Au pied du fleurdelisée

Lève ton drapeau, reprends ta fierté et tes idées

Finalement, je crois que tous les Québécois ont besoin de prendre le temps de réfléchir au passé et au futur de leur culture

Tribune libre 2010

Quand je suis revenu au Québec, il y a cinq ans, je n'aurais jamais
cru avoir à m'intéresser à des affaires de langue et même de la survie du
patrimoine québécois. En tant que spectateur, je ne pouvais pourtant que
constater le manque de respect envers les Québécois et leur langue et de
leur traitement comme citoyens de deuxième classe.
Ma conscience fut prise d'une révolution qui était loin d'être tranquille.
Je décidai de ne plus être un spectateur et de témoigner contre ce
traitement. On me répondit que dans une réorganisation pancanadienne, ces
résultats étaient attendus. Maintenant le peuple québécois n'a même plus le
droit au respect. Le respect, c'est pour les peuples qui font peur car ils
ont encore un avenir. Pour les peuples assimilés, on leur réserve le
mépris. Hier, nous avions les talents d'un peuple. Aujourd'hui, nous avons
encore mais tout juste les connaissances d'un peuple. Mais prenez garde!
Demain, il ne nous restera que les souvenirs d'un peuple.
Je commençai à m'interroger. Je commençai aussi à lire sur mon histoire. Je
lus la biographie de René Lévesque et de Trudeau. Je lus sur les patriotes.
Je lus sur Meech, sur OKA et sur le referendum de 1995. Je voulais
comprendre. Mais la mort possible de l'identité d'un peuple ne se comprend
pas. Elle se vit simplement et pleinement. J'ai décidé alors de ne plus
être spectateur et de ne plus être témoin car je refuse cette réalité
pancanadienne. Je redeviens un acteur sur la scène de mon patrimoine.
Finalement, je crois que tous les Québécois ont besoin de prendre le temps
de réfléchir au passé et au futur de leur culture. J'aimerais partager ma
propre réflexion que voici:
VIENS FAIRE UNE RÉFLEXION POUR LE FLEURDELISÉE

Le fleurdelisée pend, faible au bout de son mât.
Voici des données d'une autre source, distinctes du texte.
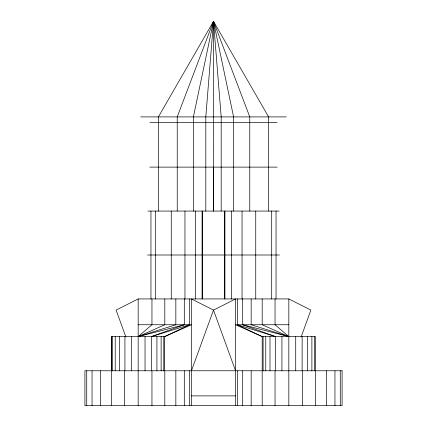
<?xml version="1.0" encoding="UTF-8"?>
<svg xmlns="http://www.w3.org/2000/svg" width="427" height="427" viewBox="0 0 427 427"><rect width="100%" height="100%" fill="white"/><g stroke="black" fill="none" stroke-linecap="round" stroke-linejoin="round"><path stroke-width="0.64" d="M268.61 211.061L268.61 116.902L213.5 21.35L213.383 211.061M249.774 211.061L249.774 116.902L213.5 21.35L205.814 116.902L205.814 211.061M233.601 211.061L233.601 116.902L213.5 21.35L193.399 116.902L193.399 211.061M191.44 370.775L213.5 310.098L235.56 298.937L235.56 405.65M301.11 336.999L310.888 310.098L288.828 298.937L138.172 298.937L116.112 310.098L125.89 336.999M221.186 211.061L221.186 116.902L213.5 21.35L177.226 116.902L177.226 211.061M213.5 21.35L158.39 116.902L158.39 211.061M189.625 298.937L189.625 324.744L164.678 336.604L111.543 336.604L111.543 405.65M151.425 370.775L151.425 336.604L184.304 324.744L184.304 298.937M151.425 336.604L189.625 324.744M184.304 324.744L138.172 336.604L151.959 324.744L151.959 298.937M140.739 116.902L286.261 116.902M149.888 122.48L277.112 122.48M149.781 167.117L277.219 167.117M147.875 211.061L279.125 211.061M147.534 254.999L279.466 254.999M138.172 324.744L191.44 324.744L164.678 336.604L164.678 370.775M288.828 324.744L235.56 324.744L262.194 336.604L315.457 336.604L315.457 405.65M191.44 395.888L235.56 395.888M242.696 298.937L242.696 324.744L288.828 336.604L275.041 324.744L275.041 298.937M237.375 298.937L237.375 324.744L275.511 336.604L275.511 370.775M242.696 324.744L275.511 336.604M237.375 324.744L262.194 336.604L262.194 405.65M235.56 370.775L213.5 310.098L191.44 298.937L191.44 405.65M340.276 370.775L340.276 405.65M334.955 370.775L334.955 405.65M326.49 370.775L326.49 405.65M314.55 336.604L314.55 370.775M311.891 336.604L311.891 370.775M307.659 336.604L307.659 370.775M302.61 370.775L302.61 405.65M302.14 336.604L302.14 370.775M295.719 336.604L295.719 370.775M288.828 298.937L288.828 405.65M281.932 336.604L281.932 370.775M276.039 211.061L276.039 298.937M275.041 370.775L275.041 405.65M271.7 211.061L271.7 298.937M269.992 336.604L269.992 370.775M265.759 336.604L265.759 370.775M263.101 336.604L263.101 370.775M262.194 298.937L262.194 324.744L288.828 336.604L251.161 324.744L251.161 298.937M255.746 211.061L255.746 298.937M251.161 370.775L251.161 405.65M242.696 370.775L242.696 405.65M242.045 211.061L242.045 298.937M237.375 370.775L237.375 405.65M231.53 211.061L231.53 298.937M224.922 211.061L224.922 298.937M224.351 211.061L224.351 298.937M213.617 167.117L213.617 211.061M202.649 211.061L202.649 298.937M202.078 211.061L202.078 298.937M195.47 211.061L195.47 298.937M189.625 370.775L189.625 405.65M184.955 211.061L184.955 298.937M184.304 370.775L184.304 405.65M175.839 298.937L175.839 324.744L138.172 336.604L164.806 324.744L164.806 298.937M175.839 370.775L175.839 405.65M171.254 211.061L171.254 298.937M164.806 370.775L164.806 405.65M163.776 336.604L163.776 370.775M161.128 336.604L161.128 370.775M156.917 336.604L156.917 370.775M155.3 211.061L155.3 298.937M151.959 370.775L151.959 405.65M150.961 211.061L150.961 298.937M145.036 336.604L145.036 370.775M138.172 298.937L138.172 405.65M131.313 336.604L131.313 370.775M124.924 336.604L124.924 370.775M124.39 370.775L124.39 405.65M119.432 336.604L119.432 370.775M115.221 336.604L115.221 370.775M112.573 336.604L112.573 370.775M111.671 336.604L111.671 370.775M100.51 370.775L100.51 405.65M92.045 370.775L92.045 405.65M86.724 370.775L86.724 405.65M342.091 370.775L84.909 370.775L84.909 405.65L342.091 405.65L342.091 370.775"/></g></svg>

À ses pieds, incertain, le peuple Québécois défile,

Routes pour routes, rues sur rues, villes par villes

Ils dessinent un patrimoine: A-t-il sa place au Canada?
L'indépendance provient d'une expression d'une identité;

Le statut d'un peuple est une réflexion de cette identité.

La première s'offre par plusieurs choix et d'une décision;

La deuxième: une raison d'être dévoilant une question,

Une réponse, une attente, le commandement d'une destinée.

Réponse volée, destinée envolée, nous reste-t-il un choix - une décision?
Le fleurdelisée pend, mou au bout de son pôle.

Aux Québécois, il demande un nouveau souffle;

Aux Nationalistes, il commande l'indépendance d'un soupir;

Aux Canadiens, il suscite l'égalité d'un petit sourire.
Nous t'avons vendu pour une plasma, 43 pouces, tv;

Nous t'avons oublié pour une pension de vieillesse;

Nous avons cru le fédéral et ses promesses.

C'est l'temps de faire une réflexion pour le fleurdelisée.

De prendre ou de déposer ce drapeau né le 20 janvier.

De faire son choix: C'est la moisson des idées.

Viens Québécois, viens faire le deuil de ton passé,

Un jour, à l'Hôtel du parlement, aux mairies et,

Aux parcs de toutes tes villes et tes cités.

Viens et amène l'essence de ton patrimoine

Sous deux formes, deux images ou deux icônes

Viens les porter au pied du fleurdelisée.
Prend un moment, une réflexion d'un temps,

Le temps d'une réflexion, prend une décision:
Deviens Pancanadien;

Speak White; Tue un langage - une société;

Au nom d'une Charte, ta liberté,

Et laisse les deux formes, deux images ou deux icônes

Derrière toi pour un futur qu'on te pardonne.

Tourne le dos, marche et éloigne-toi de ce carillon,

Mais n'oublie pas ton écu d'or car il faudra payer

Tous ces rois nègres et leurs barons.
Ou
Redeviens Québécois;

Parle français; Sauve un langage - une société;

Au nom des patriotes, ta responsabilité.

Et reprends une des formes, une image ou une icône,

Lève ton drapeau, reprends ta fierté et tes idées

Mais laisse une forme, une image, une icône

Derrière toi, ton deuil et non un signe de soumission

Mais pour redire et redéfinir cette idée de ta nation.